In nature, the struggle for survival is the basis for the survival of the living world: it is life-creating. In capitalism, the struggle for survival is «overcome» by being turned into the destruction of life. It is not based on the struggle for survival between people, but between capitalist concerns, which means that it is not guided by the existential needs of living beings, as is the case in nature, but by inhuman and antiexistential interests of capital. It is not driven by poverty, but by the development of the «consumer society» where the production and acquisition of goods becomes the way of destroying man as a cultural and biological being, as well as of destroying nature. In capitalism, «nature ceases to be the sheer nature» by being deprived of naturalness and reduced to a sheer object of exploitation and destruction. Since capitalism destroys the natural brutality by destroying nature, it is necessary to fight for its naturalization, which means for its liberation from the capitalist destruction. Natural forces should be turned into the means for preserving and humanizing nature. The liberating possibilities of nature lie in its life-creativeness – in the creation of living forms. Man is by his nature a life-creating being and can be cultivated only by respecting his life-creativeness – as the integral part of nature. Only in nature can man experience the fullness of his human being. The humanization becomes the development (overcoming) of the original naturalness, and not its submission to a rational model, the model of the «noble» and the like. Instead of man appearing as a form in which nature acquires the possibility of being overcome by the «spirit», meaning of attaining the notion of itself and of relating to itself, man should overcome his original natural life-creativeness (procreation) through the development of his playing being, which means that it should become the basis for the totalization of the world. It is about the transformation of the procreative into the life-creating principle, and about the transformation of the life-creating into the universal creative principle.

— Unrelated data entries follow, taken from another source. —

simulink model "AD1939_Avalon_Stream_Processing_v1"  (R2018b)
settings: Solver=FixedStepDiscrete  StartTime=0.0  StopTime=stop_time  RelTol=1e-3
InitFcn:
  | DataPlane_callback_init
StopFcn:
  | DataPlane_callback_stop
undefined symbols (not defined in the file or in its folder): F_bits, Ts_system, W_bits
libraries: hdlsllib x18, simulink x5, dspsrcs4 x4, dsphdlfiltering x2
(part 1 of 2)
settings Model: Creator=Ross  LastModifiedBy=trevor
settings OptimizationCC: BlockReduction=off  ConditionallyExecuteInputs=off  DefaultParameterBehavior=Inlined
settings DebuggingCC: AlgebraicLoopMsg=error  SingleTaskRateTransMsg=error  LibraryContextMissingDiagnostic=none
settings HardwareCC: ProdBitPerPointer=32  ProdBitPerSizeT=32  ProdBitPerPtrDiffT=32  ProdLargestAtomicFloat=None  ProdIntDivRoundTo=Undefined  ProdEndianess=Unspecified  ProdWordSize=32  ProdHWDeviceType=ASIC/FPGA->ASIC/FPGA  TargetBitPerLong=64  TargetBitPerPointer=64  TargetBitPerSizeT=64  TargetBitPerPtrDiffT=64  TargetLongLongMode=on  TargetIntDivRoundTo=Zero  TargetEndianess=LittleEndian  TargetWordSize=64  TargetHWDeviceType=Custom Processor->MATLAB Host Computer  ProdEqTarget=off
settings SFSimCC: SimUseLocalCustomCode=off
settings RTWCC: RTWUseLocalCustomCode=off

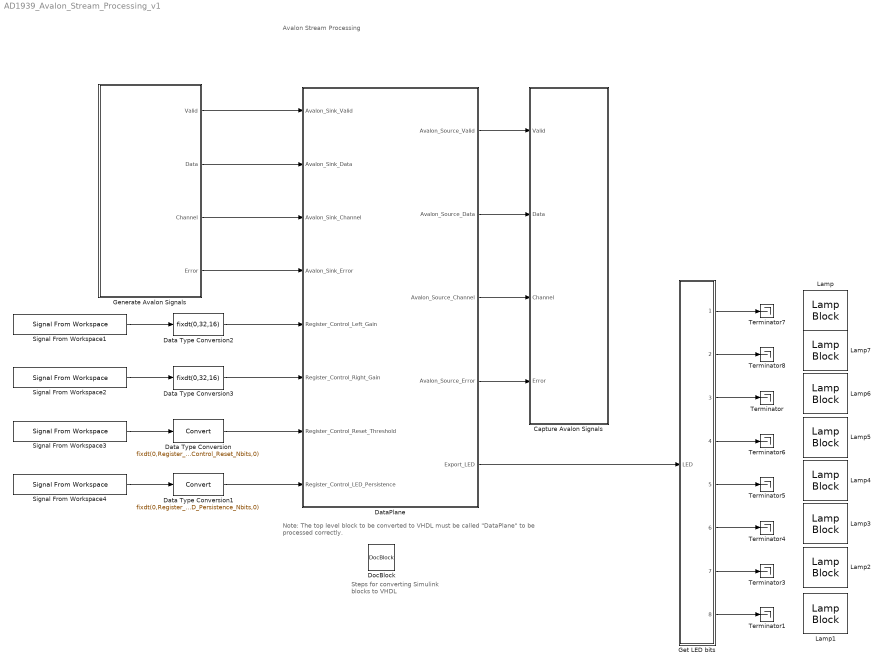
== system AD1939_Avalon_Stream_Processing_v1 ==
  note: Note:  The top level block to be converted to VHDL must be called "DataPlane"
      | to be processed correctly.
  note: Steps for converting
      | Simulink blocks
      | to VHDL
  note: Avalon Stream Processing
  Capture Avalon Signals : Subsystem
  Data Type Conversion : DataTypeConversion  OutDataTypeStr=fixdt(0,Register_Control_Reset_Nbits,0)
  Data Type Conversion1 : DataTypeConversion  OutDataTypeStr=fixdt(0,Register_Control_LED_Persistence_Nbits,0)
  Data Type Conversion2 : DataTypeConversion  OutDataTypeStr=fixdt(0,32,16)
  Data Type Conversion3 : DataTypeConversion  OutDataTypeStr=fixdt(0,32,16)
  DataPlane : Subsystem  TreatAsAtomicUnit=on
  DocBlock : simulink/Model-Wide Utilities/DocBlock  DocumentType=HTML
  Generate Avalon Signals : Subsystem
  Get LED bits : Subsystem
  Lamp : LampBlock  WebBlockId=954
  Lamp1 : LampBlock  WebBlockId=955
  Lamp2 : LampBlock  WebBlockId=956
  Lamp3 : LampBlock  WebBlockId=957
  Lamp4 : LampBlock  WebBlockId=958
  Lamp5 : LampBlock  WebBlockId=959
  Lamp6 : LampBlock  WebBlockId=960
  Lamp7 : LampBlock  WebBlockId=961
  Signal From Workspace1 : dspsrcs4/Signal From Workspace  X=Register_Control_Left_Gain  Ts=Ts_system  nsamps=1  OutputAfterFinalValue=Holding final value  ignoreOrWarnInputAndFrameLengths=off  OutputFrames=off
  Signal From Workspace2 : dspsrcs4/Signal From Workspace  X=Register_Control_Right_Gain  Ts=Ts_system  nsamps=1  OutputAfterFinalValue=Holding final value  ignoreOrWarnInputAndFrameLengths=off  OutputFrames=off
  Signal From Workspace3 : dspsrcs4/Signal From Workspace  X=Register_Control_Reset_Threshold  Ts=Ts_system  nsamps=1  OutputAfterFinalValue=Holding final value  ignoreOrWarnInputAndFrameLengths=off  OutputFrames=off
  Signal From Workspace4 : dspsrcs4/Signal From Workspace  X=Register_Control_LED_Persistence  Ts=Ts_system  nsamps=1  OutputAfterFinalValue=Holding final value  ignoreOrWarnInputAndFrameLengths=off  OutputFrames=off
  Terminator{,1,3..8} (8 alike) : Terminator
  wires:
  Generate Avalon Signals/2(Data) -> DataPlane/2(Avalon_Sink_Data)
  Generate Avalon Signals/1(Valid) -> DataPlane/1(Avalon_Sink_Valid)
  Generate Avalon Signals/3(Channel) -> DataPlane/3(Avalon_Sink_Channel)
  Generate Avalon Signals/4(Error) -> DataPlane/4(Avalon_Sink_Error)
  DataPlane/2(Avalon_Source_Data) -> Capture Avalon Signals/2(Data)
  DataPlane/1(Avalon_Source_Valid) -> Capture Avalon Signals/1(Valid)
  DataPlane/3(Avalon_Source_Channel) -> Capture Avalon Signals/3(Channel)
  DataPlane/4(Avalon_Source_Error) -> Capture Avalon Signals/4(Error)
  Signal From Workspace3/1 -> Data Type Conversion/1
  Signal From Workspace4/1 -> Data Type Conversion1/1
  Data Type Conversion/1 -> DataPlane/7(Register_Control_Reset_Threshold)
  Data Type Conversion1/1 -> DataPlane/8(Register_Control_LED_Persistence)
  Get LED bits/7(LED_1) -> Terminator3/1
  Get LED bits/4(LED_4) -> Terminator6/1
  Get LED bits/1(LED_7) -> Terminator7/1
  Get LED bits/6(LED_2) -> Terminator4/1
  Get LED bits/2(LED_6) -> Terminator8/1
  Get LED bits/8(LED_0) -> Terminator1/1
  Get LED bits/5(LED_3) -> Terminator5/1
  Get LED bits/3(LED_5) -> Terminator/1
  DataPlane/5(Export_LED) -> Get LED bits/1(LED)
  Signal From Workspace1/1 -> Data Type Conversion2/1
  Signal From Workspace2/1 -> Data Type Conversion3/1
  Data Type Conversion2/1 -> DataPlane/5(Register_Control_Left_Gain)
  Data Type Conversion3/1 -> DataPlane/6(Register_Control_Right_Gain)

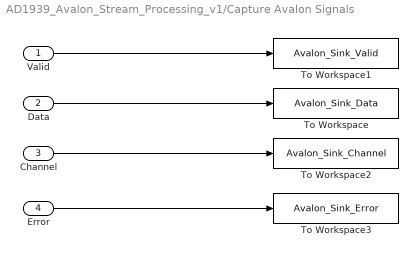
== system AD1939_Avalon_Stream_Processing_v1/Capture Avalon Signals ==
  Valid : Inport
  Data : Inport  Port=2
  Channel : Inport  Port=3
  Error : Inport  Port=4
  To Workspace : ToWorkspace  VariableName=Avalon_Sink_Data  SaveFormat=Timeseries  SampleTime=-1
  To Workspace1 : ToWorkspace  VariableName=Avalon_Sink_Valid  SaveFormat=Timeseries  SampleTime=-1
  To Workspace2 : ToWorkspace  VariableName=Avalon_Sink_Channel  SaveFormat=Timeseries  SampleTime=-1
  To Workspace3 : ToWorkspace  VariableName=Avalon_Sink_Error  SaveFormat=Timeseries  SampleTime=-1
  wires:
  Data/1 -> To Workspace/1
  Valid/1 -> To Workspace1/1
  Error/1 -> To Workspace3/1
  Channel/1 -> To Workspace2/1

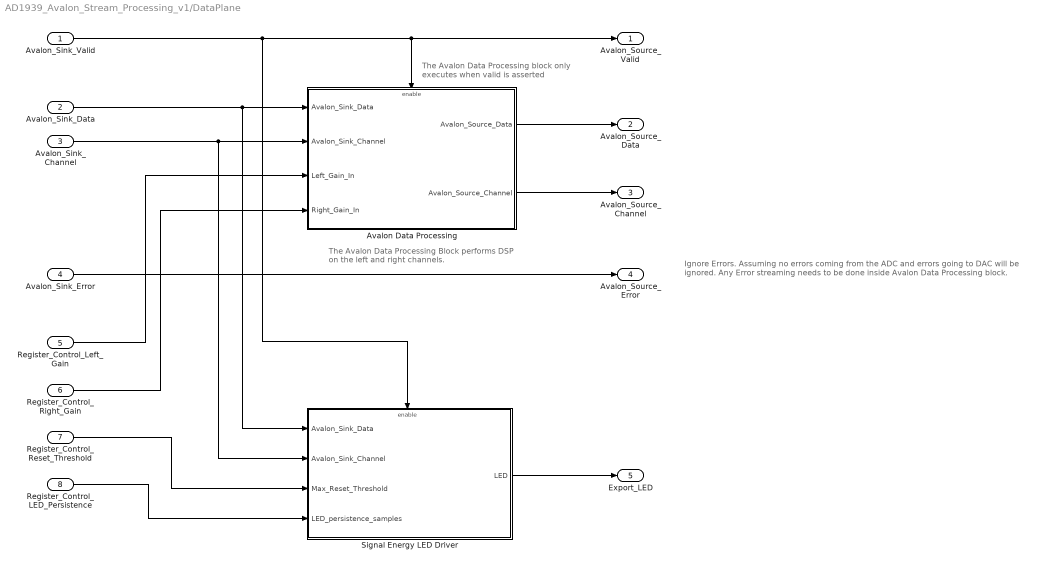
== system AD1939_Avalon_Stream_Processing_v1/DataPlane ==
  note: The Avalon Data Processing Block
      | performs DSP on the left and right channels.
  note: The Avalon Data Processing block
      | only executes when valid is asserted
  note: Ignore Errors.
      | Assuming no errors coming from the ADC and errors going to DAC will be ignored.
      | Any Error streaming needs to be done inside Avalon Data Processing block.
  Avalon_Sink_Valid : Inport
  Avalon_Sink_Data : Inport  Port=2
  Avalon_Sink_Channel : Inport  Port=3
  Avalon_Sink_Error : Inport  Port=4
  Register_Control_Left_Gain : Inport  Port=5
  Register_Control_Right_Gain : Inport  Port=6
  Register_Control_Reset_Threshold : Inport  Port=7
  Register_Control_LED_Persistence : Inport  Port=8
  Avalon Data Processing : Subsystem  TreatAsAtomicUnit=on
  Signal Energy LED Driver : Subsystem  TreatAsAtomicUnit=on
  Avalon_Source_Valid : Outport
  Avalon_Source_Data : Outport  Port=2
  Avalon_Source_Channel : Outport  Port=3
  Avalon_Source_Error : Outport  Port=4
  Export_LED : Outport  Port=5  InitialOutput=0
  wires:
  Avalon_Sink_Channel/1 -> Signal Energy LED Driver/2(Avalon_Sink_Channel), Avalon Data Processing/2(Avalon_Sink_Channel)
  Avalon_Sink_Error/1 -> Avalon_Source_Error/1
  Avalon Data Processing/1(Avalon_Source_Data) -> Avalon_Source_Data/1
  Avalon_Sink_Valid/1 -> Signal Energy LED Driver/Enable, Avalon Data Processing/Enable, Avalon_Source_Valid/1
  Avalon_Sink_Data/1 -> Signal Energy LED Driver/1(Avalon_Sink_Data), Avalon Data Processing/1(Avalon_Sink_Data)
  Avalon Data Processing/2(Avalon_Source_Channel) -> Avalon_Source_Channel/1
  Register_Control_Right_Gain/1 -> Avalon Data Processing/4(Right_Gain_In)
  Register_Control_Left_Gain/1 -> Avalon Data Processing/3(Left_Gain_In)
  Signal Energy LED Driver/1(LED) -> Export_LED/1
  Register_Control_Reset_Threshold/1 -> Signal Energy LED Driver/3(Max_Reset_Threshold)
  Register_Control_LED_Persistence/1 -> Signal Energy LED Driver/4(LED_persistence_samples)

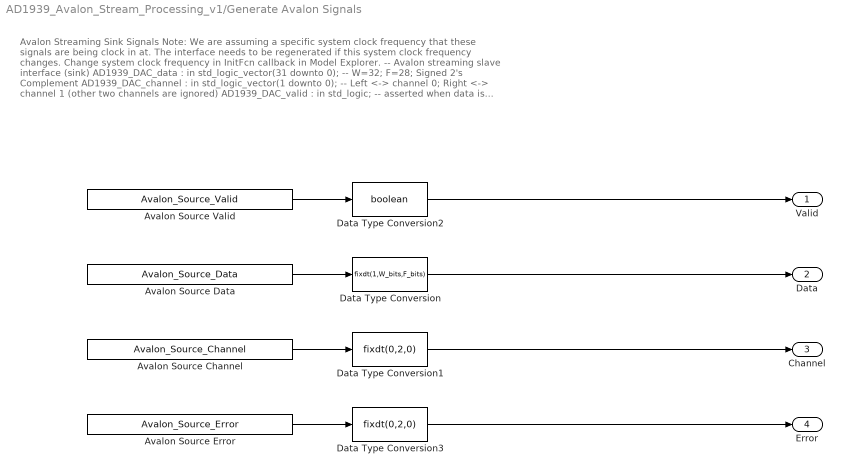
== system AD1939_Avalon_Stream_Processing_v1/Generate Avalon Signals ==
  note: Avalon Streaming Sink Signals
      | Note: We are assuming a specific system clock frequency that these signals are being clock in at.
      | The interface needs to be regenerated if this system clock frequency changes. Change system clock frequency in InitFcn callback in Model Explorer.
      |
      | -- Avalon streaming slave interface (sink)
      | AD1939_DAC_data : in std_logic_vector(31 downto 0); -- W=32; F=28; Signed 2's Complement
      | AD1939_DAC_channel : in std_logic_vector(1 downto 0); -- Left <-> channel 0; Right <-> channel 1 (other two channels are ignored)
      | AD1939_DAC_valid : in std_logic; -- asserted when data is valid
      | AD1939_DAC_error : in std_logic_vector(1 downto 0) -- error channel is ignored, assumed to be error free at this point
  Avalon Source Channel : FromWorkspace  VariableName=Avalon_Source_Channel  OutDataTypeStr=double  SampleTime=Ts_system
  "Avalon Source Data " : FromWorkspace  VariableName=Avalon_Source_Data  OutDataTypeStr=double  SampleTime=Ts_system
  Avalon Source Error : FromWorkspace  VariableName=Avalon_Source_Error  OutDataTypeStr=double  SampleTime=Ts_system
  Avalon Source Valid : FromWorkspace  VariableName=Avalon_Source_Valid  OutDataTypeStr=double  SampleTime=Ts_system
  Data Type Conversion : DataTypeConversion  OutDataTypeStr=fixdt(1,W_bits,F_bits)
  Data Type Conversion1 : DataTypeConversion  OutDataTypeStr=fixdt(0,2,0)
  Data Type Conversion2 : DataTypeConversion  OutDataTypeStr=boolean
  Data Type Conversion3 : DataTypeConversion  OutDataTypeStr=fixdt(0,2,0)
  Valid : Outport
  Data : Outport  Port=2
  Channel : Outport  Port=3
  Error : Outport  Port=4
  wires:
  Data Type Conversion1/1 -> Channel/1
  Data Type Conversion2/1 -> Valid/1
  Avalon Source Error/1 -> Data Type Conversion3/1
  Data Type Conversion/1 -> Data/1
  Avalon Source Valid/1 -> Data Type Conversion2/1
  Data Type Conversion3/1 -> Error/1
  Avalon Source Channel/1 -> Data Type Conversion1/1
  "Avalon Source Data "/1 -> Data Type Conversion/1

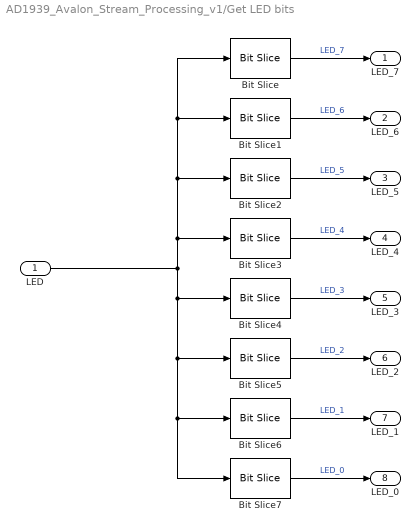
== system AD1939_Avalon_Stream_Processing_v1/Get LED bits ==
  LED : Inport
  Bit Slice : hdlsllib/Logic and Bit Operations/Bit Slice  lidx=7  ridx=7
  Bit Slice1 : hdlsllib/Logic and Bit Operations/Bit Slice  lidx=6  ridx=6
  Bit Slice2 : hdlsllib/Logic and Bit Operations/Bit Slice  lidx=5  ridx=5
  Bit Slice3 : hdlsllib/Logic and Bit Operations/Bit Slice  lidx=4  ridx=4
  Bit Slice4 : hdlsllib/Logic and Bit Operations/Bit Slice  lidx=3  ridx=3
  Bit Slice5 : hdlsllib/Logic and Bit Operations/Bit Slice  lidx=2  ridx=2
  Bit Slice6 : hdlsllib/Logic and Bit Operations/Bit Slice  lidx=1  ridx=1
  Bit Slice7 : hdlsllib/Logic and Bit Operations/Bit Slice  lidx=0  ridx=0
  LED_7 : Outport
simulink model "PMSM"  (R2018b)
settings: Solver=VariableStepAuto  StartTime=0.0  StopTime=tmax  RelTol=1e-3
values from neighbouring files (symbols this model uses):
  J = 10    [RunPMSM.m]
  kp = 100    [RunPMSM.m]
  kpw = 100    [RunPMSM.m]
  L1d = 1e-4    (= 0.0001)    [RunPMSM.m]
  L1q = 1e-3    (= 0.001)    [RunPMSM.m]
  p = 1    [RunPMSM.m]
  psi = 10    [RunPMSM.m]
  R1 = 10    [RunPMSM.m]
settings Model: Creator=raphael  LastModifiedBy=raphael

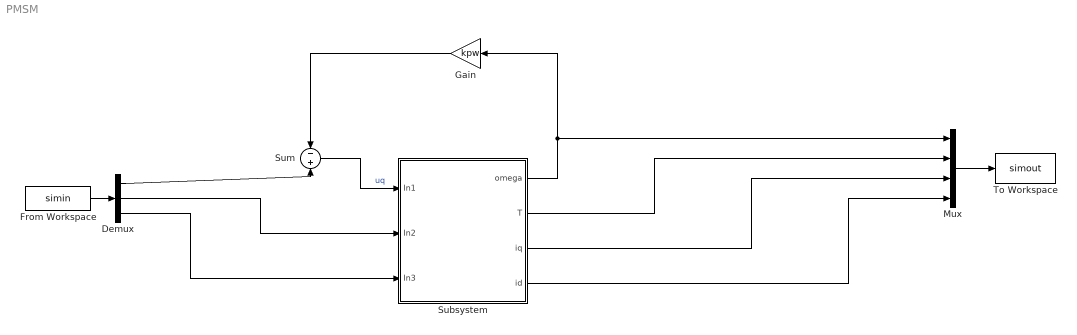
== system PMSM ==
  Demux : Demux  Outputs=3
  From Workspace : FromWorkspace  VariableName=simin  SampleTime=0
  Gain : Gain  Gain=kpw
  Mux : Mux
  Subsystem : Subsystem
  Sum : Sum  Inputs=-+
  To Workspace : ToWorkspace  VariableName=simout  SaveFormat=Timeseries  SampleTime=-1
  wires:
  From Workspace/1 -> Demux/1
  Mux/1 -> To Workspace/1
  Demux/2 -> Subsystem/2(In2)
  Demux/3 -> Subsystem/3(In3)
  Subsystem/1(omega) -> Gain/1, Mux/1
  Subsystem/2(T) -> Mux/2
  Subsystem/3(iq) -> Mux/3
  Subsystem/4(id) -> Mux/4
  Sum/1 -> Subsystem/1(In1)  "uq"
  Demux/1 -> Sum/2
  Gain/1 -> Sum/1

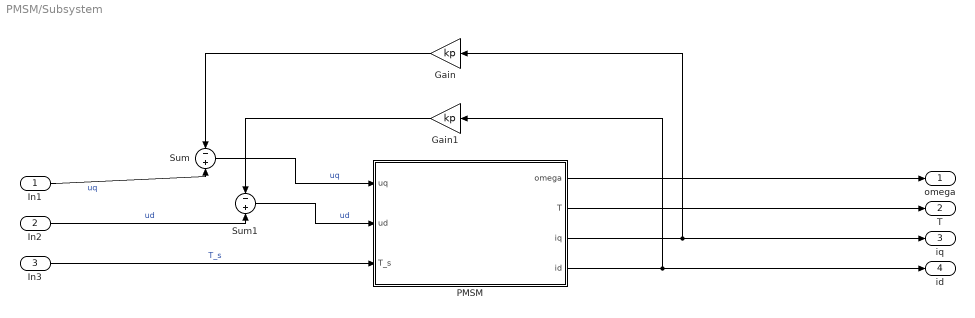
== system PMSM/Subsystem ==
  In1 : Inport
  In2 : Inport  Port=2
  In3 : Inport  Port=3
  Gain : Gain  Gain=kp
  Gain1 : Gain  Gain=kp
  PMSM : Subsystem
  Sum : Sum  Inputs=-+
  Sum1 : Sum  Inputs=-+
  omega : Outport
  T : Outport  Port=2
  iq : Outport  Port=3
  id : Outport  Port=4
  wires:
  Sum/1 -> PMSM/1(uq)  "uq"
  Sum1/1 -> PMSM/2(ud)  "ud"
  In3/1 -> PMSM/3(T_s)  "T_s"
  PMSM/1(omega) -> omega/1
  PMSM/2(T) -> T/1
  PMSM/3(iq) -> Gain/1, iq/1
  PMSM/4(id) -> Gain1/1, id/1
  In1/1 -> Sum/2  "uq"
  Gain/1 -> Sum/1
  In2/1 -> Sum1/2  "ud"
  Gain1/1 -> Sum1/1

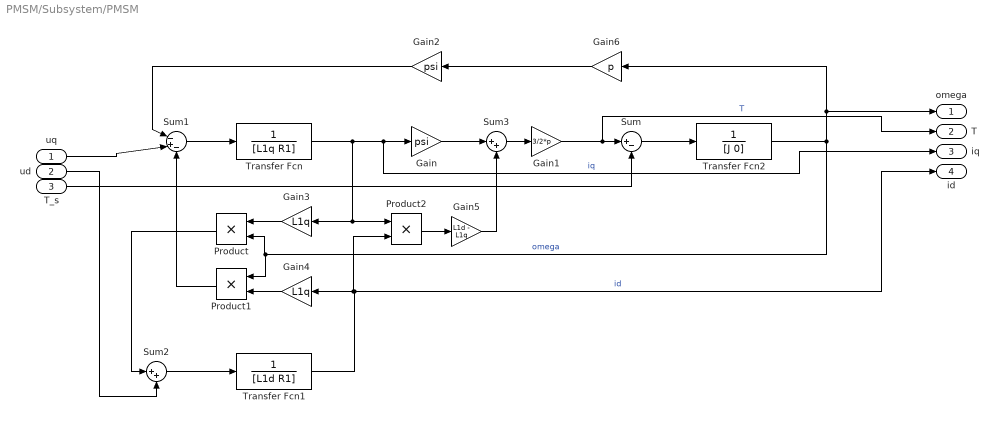
== system PMSM/Subsystem/PMSM ==
  uq : Inport
  ud : Inport  Port=2
  T_s : Inport  Port=3
  Gain : Gain  Gain=psi
  Gain1 : Gain  Gain=3/2*p
  Gain2 : Gain  Gain=psi
  Gain3 : Gain  Gain=L1q
  Gain4 : Gain  Gain=L1q
  Gain5 : Gain  Gain=L1d - L1q
  Gain6 : Gain  Gain=p
  Product : Product
  Product1 : Product
  Product2 : Product
  Sum : Sum  Inputs=|+-
  Sum1 : Sum  Inputs=|-+-
  Sum2 : Sum  Inputs=|++
  Sum3 : Sum  Inputs=|++
  Transfer Fcn : TransferFcn  Denominator=[L1q R1]
  Transfer Fcn1 : TransferFcn  Denominator=[L1d R1]
  Transfer Fcn2 : TransferFcn  Denominator=[J 0]
  omega : Outport
  T : Outport  Port=2
  iq : Outport  Port=3
  id : Outport  Port=4
  wires:
  ud/1 -> Sum2/2
  Product2/1 -> Gain5/1
  Sum/1 -> Transfer Fcn2/1
  Gain5/1 -> Sum3/2
  Product/1 -> Sum2/1
  Sum2/1 -> Transfer Fcn1/1
  Sum3/1 -> Gain1/1
  Gain/1 -> Sum3/1
  Gain6/1 -> Gain2/1
  Product1/1 -> Sum1/3
  Gain4/1 -> Product1/2
  Gain3/1 -> Product/1
  Gain2/1 -> Sum1/1
  Transfer Fcn2/1 -> Product1/1, Product/2, omega/1, Gain6/1  "omega"
  Transfer Fcn/1 -> Product2/1, Gain3/1, iq/1, Gain/1  "iq"
  Gain1/1 -> T/1, Sum/1  "T"
  T_s/1 -> Sum/2
  uq/1 -> Sum1/2
  Sum1/1 -> Transfer Fcn/1
  Transfer Fcn1/1 -> id/1, Product2/2, Gain4/1  "id"
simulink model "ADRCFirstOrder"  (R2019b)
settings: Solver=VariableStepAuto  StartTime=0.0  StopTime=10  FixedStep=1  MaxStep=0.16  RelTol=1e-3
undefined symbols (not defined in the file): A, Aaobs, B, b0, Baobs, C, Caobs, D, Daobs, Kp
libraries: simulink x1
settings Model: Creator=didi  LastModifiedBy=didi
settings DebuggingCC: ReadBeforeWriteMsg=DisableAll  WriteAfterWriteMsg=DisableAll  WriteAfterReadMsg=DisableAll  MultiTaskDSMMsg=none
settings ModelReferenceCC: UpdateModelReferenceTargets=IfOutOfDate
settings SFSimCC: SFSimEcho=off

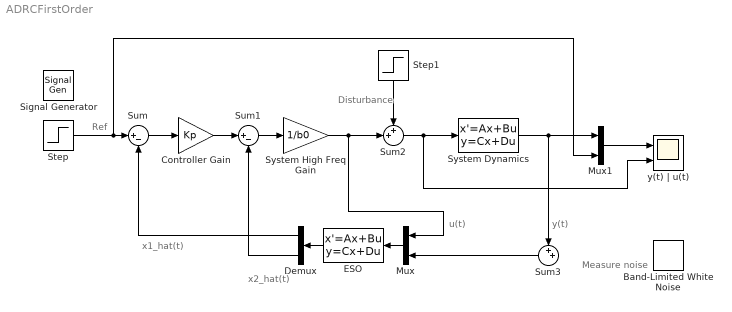
== system ADRCFirstOrder ==
  note: Disturbance
  note: x2_hat(t)
  note: u(t)
  note: Ref
  note: x1_hat(t)
  note: Measure noise
  note: y(t)
  Band-Limited White Noise : simulink/Sources/Band-Limited White Noise  Cov=[0.000001]  Ts=0.76  seed=[23341]
  Controller Gain : Gain  Gain=Kp
  Demux : Demux  Outputs=2
  ESO : StateSpace  A=Aaobs  B=Baobs  C=Caobs  D=Daobs  InitialCondition=0
  Mux : Mux  Inputs=2
  Mux1 : Mux  Inputs=2
  Signal Generator : SignalGenerator  Frequency=0.5
  Step : Step  SampleTime=0
  Step1 : Step  Time=5  After=5  SampleTime=0
  Sum : Sum  Inputs=|+-
  Sum1 : Sum  Inputs=|+-
  Sum2 : Sum  Inputs=++|
  Sum3 : Sum  Inputs=++|
  System Dynamics : StateSpace  A=A  B=B  C=C  D=D  InitialCondition=0
  System High Freq Gain : Gain  Gain=1/b0
  y(t) | u(t) : Scope  NumInputPorts=2
  wires:
  Mux/1 -> ESO/1
  Sum/1 -> Controller Gain/1
  ESO/1 -> Demux/1
  Controller Gain/1 -> Sum1/1
  Demux/2 -> Sum1/2
  Sum1/1 -> System High Freq Gain/1
  System Dynamics/1 -> Sum3/1, Mux1/1
  System High Freq Gain/1 -> Mux/1, Sum2/2
  Sum2/1 -> y(t) | u(t)/2, System Dynamics/1
  Mux1/1 -> y(t) | u(t)/1
  Demux/1 -> Sum/2
  Sum3/1 -> Mux/2
  Step1/1 -> Sum2/1
  Step/1 -> Mux1/2, Sum/1

In capitalism, the instrumental and exploitive relation to nature is the basis of the relation to the human body. It is not a harmonious part of the living nature which, as such, should be respected; it is reduced to the object of processing and the means for achieving inhuman ends. Instead of the working, sporting, technical, consumer and destructive body, libertarian play should develop a creative (poetical) body and a variety of movements (skill as a humanized movement) which will enable man to realize his creative personality. It is not only about the fight for preserving the cultural heritage of mankind and man as a cultural being; it is about the fight for the survival of man as a natural and playing being. Libertarian play should enable the preservation and development of the emancipatory achievements of physical culture which are being destroyed by the «technical civilization». Instead of the naturalization of the body, which is reduced to a machine, we should strive for the humanisation of man’s natural being through the development of his playing being, which means through a creative skill by which man is developed as a whole (physical, intellectual, erotic, social) being. It is not about the humanization of technique by way of art; it is about the humanization of man, which means about the development of his universal creative being, which abolishes technique as man’s relation to nature alienated from him, and abolishes art as a separate social sphere. Instead of the relation between social spheres alienated from man, which are the basic way of functioning of the «social life», we should insist on the development of immediate relations between people as emancipated playing beings. The world as an artistic creation – this is the purpose of the fight for the future. By fighting for a new world, the whirl of the human will be created, which will «suck» all that is alienated from man. Instead of Nietzsche’s cosmic energy, life which is alienated from man will start to flow in him again; instead of art being a means for turning the cosmic energy into life, man’s creative energy will become the basis for the creation of a new – human cosmos.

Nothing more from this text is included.